Did you also find Janacek's operas to be highly 'idiosyncratic'?

Do you remember having to persevere a bit more than usual to fully internalize his works?


----------



## Xavier (Jun 7, 2012)

Xavier said:


> Do you remember having to persevere a bit more than usual to fully internalize his works?


Janacek is one of those opera composers who reminds me I have better things to do.... In general I find his music is so short-winded and the phrasing so abrupt and broken up that one is never conscious of a continuous flow. It is a kind of perpetual recitative that is not to my taste.


----------



## schigolch (Jun 26, 2011)

Many Janacek's operas are now firmly established in the repertory, and are getting warm response from the audiences.

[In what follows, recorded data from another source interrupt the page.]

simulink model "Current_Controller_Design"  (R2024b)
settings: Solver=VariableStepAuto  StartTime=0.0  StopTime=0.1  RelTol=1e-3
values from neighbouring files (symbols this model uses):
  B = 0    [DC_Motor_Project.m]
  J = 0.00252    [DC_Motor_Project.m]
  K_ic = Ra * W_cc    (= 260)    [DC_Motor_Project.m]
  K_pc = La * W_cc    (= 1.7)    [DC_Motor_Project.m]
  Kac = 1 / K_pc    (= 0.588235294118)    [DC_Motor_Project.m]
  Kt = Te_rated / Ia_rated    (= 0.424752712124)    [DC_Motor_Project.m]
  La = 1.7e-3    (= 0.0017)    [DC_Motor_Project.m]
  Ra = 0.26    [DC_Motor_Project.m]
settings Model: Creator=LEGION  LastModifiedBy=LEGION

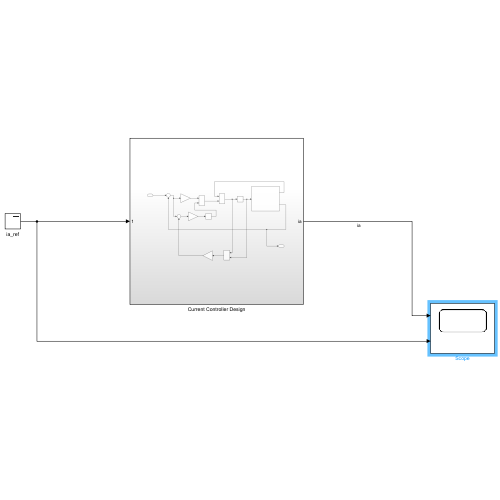
[thumbnail: Simulink's stored preview of the top-level diagram]
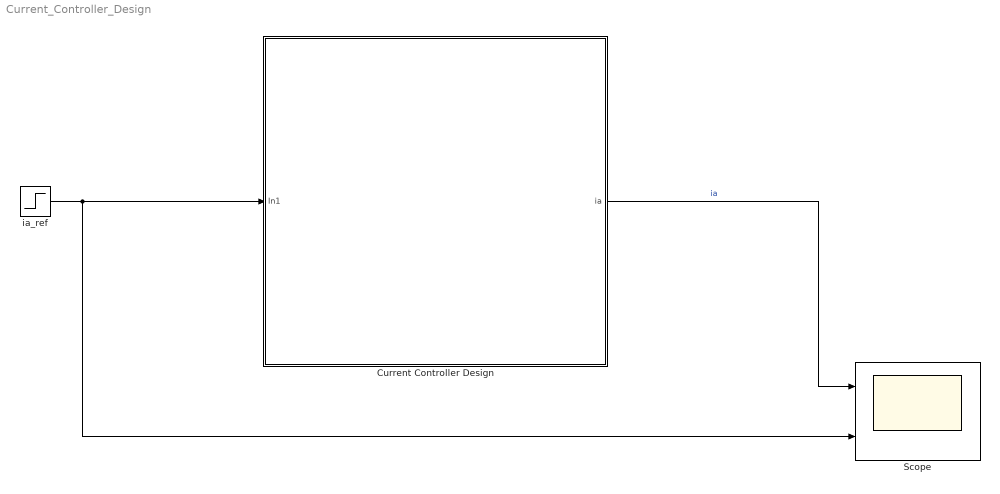
== system Current_Controller_Design ==
  Current Controller Design : Subsystem
  Scope : Scope  NumInputPorts=2
  ia_ref : Step  Time=0.01  After=10  SampleTime=0
  wires:
  ia_ref/1 -> Scope/2, Current Controller Design/1(In1)
  Current Controller Design/1(ia) -> Scope/1  "ia"

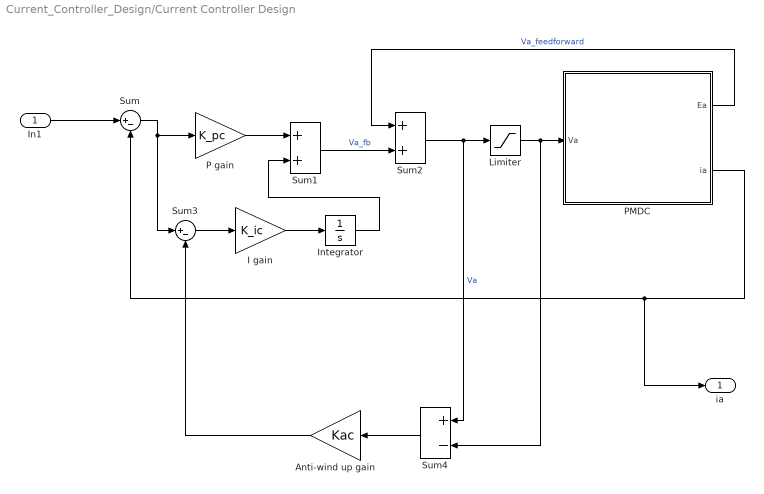
== system Current_Controller_Design/Current Controller Design ==
  In1 : Inport
  Anti-wind up gain : Gain  Gain=Kac
  I gain : Gain  Gain=K_ic
  Integrator : Integrator
  Limiter : Saturate  UpperLimit=220  LowerLimit=-220
  P gain : Gain  Gain=K_pc
  PMDC : Subsystem
  Sum : Sum  Inputs=|+-
  Sum1 : Sum
  Sum2 : Sum
  Sum3 : Sum  Inputs=|+-
  Sum4 : Sum  Inputs=+-
  ia : Outport
  wires:
  PMDC/2(ia) -> ia/1, Sum/2
  Integrator/1 -> Sum1/2
  Sum/1 -> Sum3/1, P gain/1
  I gain/1 -> Integrator/1
  Anti-wind up gain/1 -> Sum3/2
  P gain/1 -> Sum1/1
  Limiter/1 -> Sum4/2, PMDC/1(Va)
  In1/1 -> Sum/1
  Sum4/1 -> Anti-wind up gain/1
  PMDC/1(Ea) -> Sum2/1  "Va_feedforward"
  Sum1/1 -> Sum2/2  "Va_fb"
  Sum3/1 -> I gain/1
  Sum2/1 -> Sum4/1, Limiter/1  "Va"

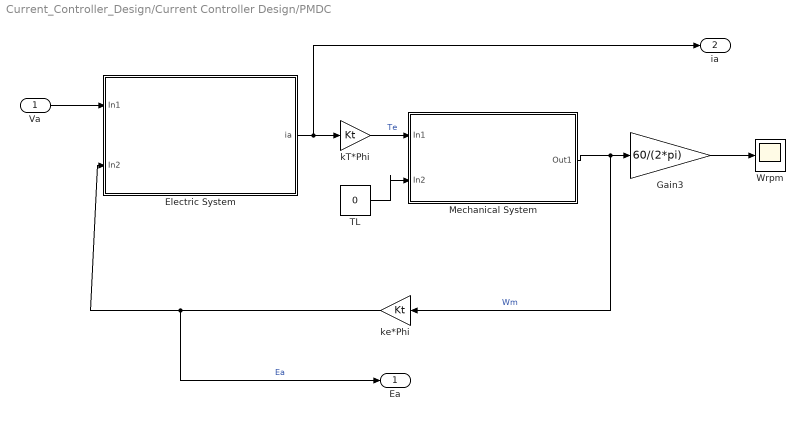
== system Current_Controller_Design/Current Controller Design/PMDC ==
  Va : Inport
  Electric System : Subsystem
  Gain3 : Gain  Gain=60/(2*pi)
  Mechanical System : Subsystem
  TL : Constant  Value=0
  Wrpm : Scope
  kT*Phi : Gain  Gain=Kt
  ke*Phi : Gain  Gain=Kt
  Ea : Outport
  ia : Outport  Port=2
  wires:
  ke*Phi/1 -> Ea/1, Electric System/2(In2)  "Ea"
  kT*Phi/1 -> Mechanical System/1(In1)  "Te"
  Mechanical System/1(Out1) -> ke*Phi/1, Gain3/1  "Wm"
  Gain3/1 -> Wrpm/1
  Electric System/1(ia) -> ia/1, kT*Phi/1
  TL/1 -> Mechanical System/2(In2)
  Va/1 -> Electric System/1(In1)

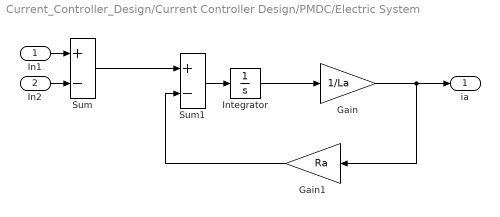
== system Current_Controller_Design/Current Controller Design/PMDC/Electric System ==
  In1 : Inport
  In2 : Inport  Port=2
  Gain : Gain  Gain=1/La
  Gain1 : Gain  Gain=Ra
  Integrator : Integrator
  Sum : Sum  Inputs=+-
  Sum1 : Sum  Inputs=+-
  ia : Outport
  wires:
  Sum1/1 -> Integrator/1
  In1/1 -> Sum/1
  Gain1/1 -> Sum1/2
  Gain/1 -> ia/1, Gain1/1
  Sum/1 -> Sum1/1
  Integrator/1 -> Gain/1
  In2/1 -> Sum/2

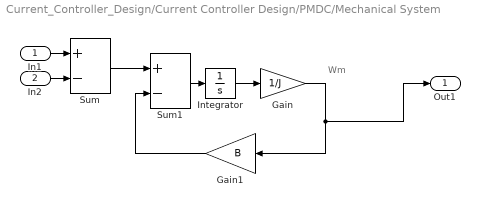
== system Current_Controller_Design/Current Controller Design/PMDC/Mechanical System ==
  note: Wm
  In1 : Inport
  In2 : Inport  Port=2
  Gain : Gain  Gain=1/J
  Gain1 : Gain  Gain=B
  Integrator : Integrator
  Sum : Sum  Inputs=+-
  Sum1 : Sum  Inputs=+-
  Out1 : Outport
  wires:
  Gain/1 -> Out1/1, Gain1/1
  Sum1/1 -> Integrator/1
  Sum/1 -> Sum1/1
  In1/1 -> Sum/1
  Gain1/1 -> Sum1/2
  Integrator/1 -> Gain/1
  In2/1 -> Sum/2

During the last seasons, Janacek was staged often at Teatro Real (Madrid): _The Cunning Little Vixen, Osud, From the House of the Dead, The Makropulos Case, Katia Kabanova _and_ Jenufa_, to a growing enthusiasm. I particularly remember as the highlight of the cycle, the Katia Kabanova sung by Karita Mattila before a full house, with a wonderful production by Robert Carsen and great conducting by Jiri Belohlavek, that received a standing ovation of more than 20 minutes at the end of the performance. Luckily, there is a DVD published for anyone to enjoy.


----------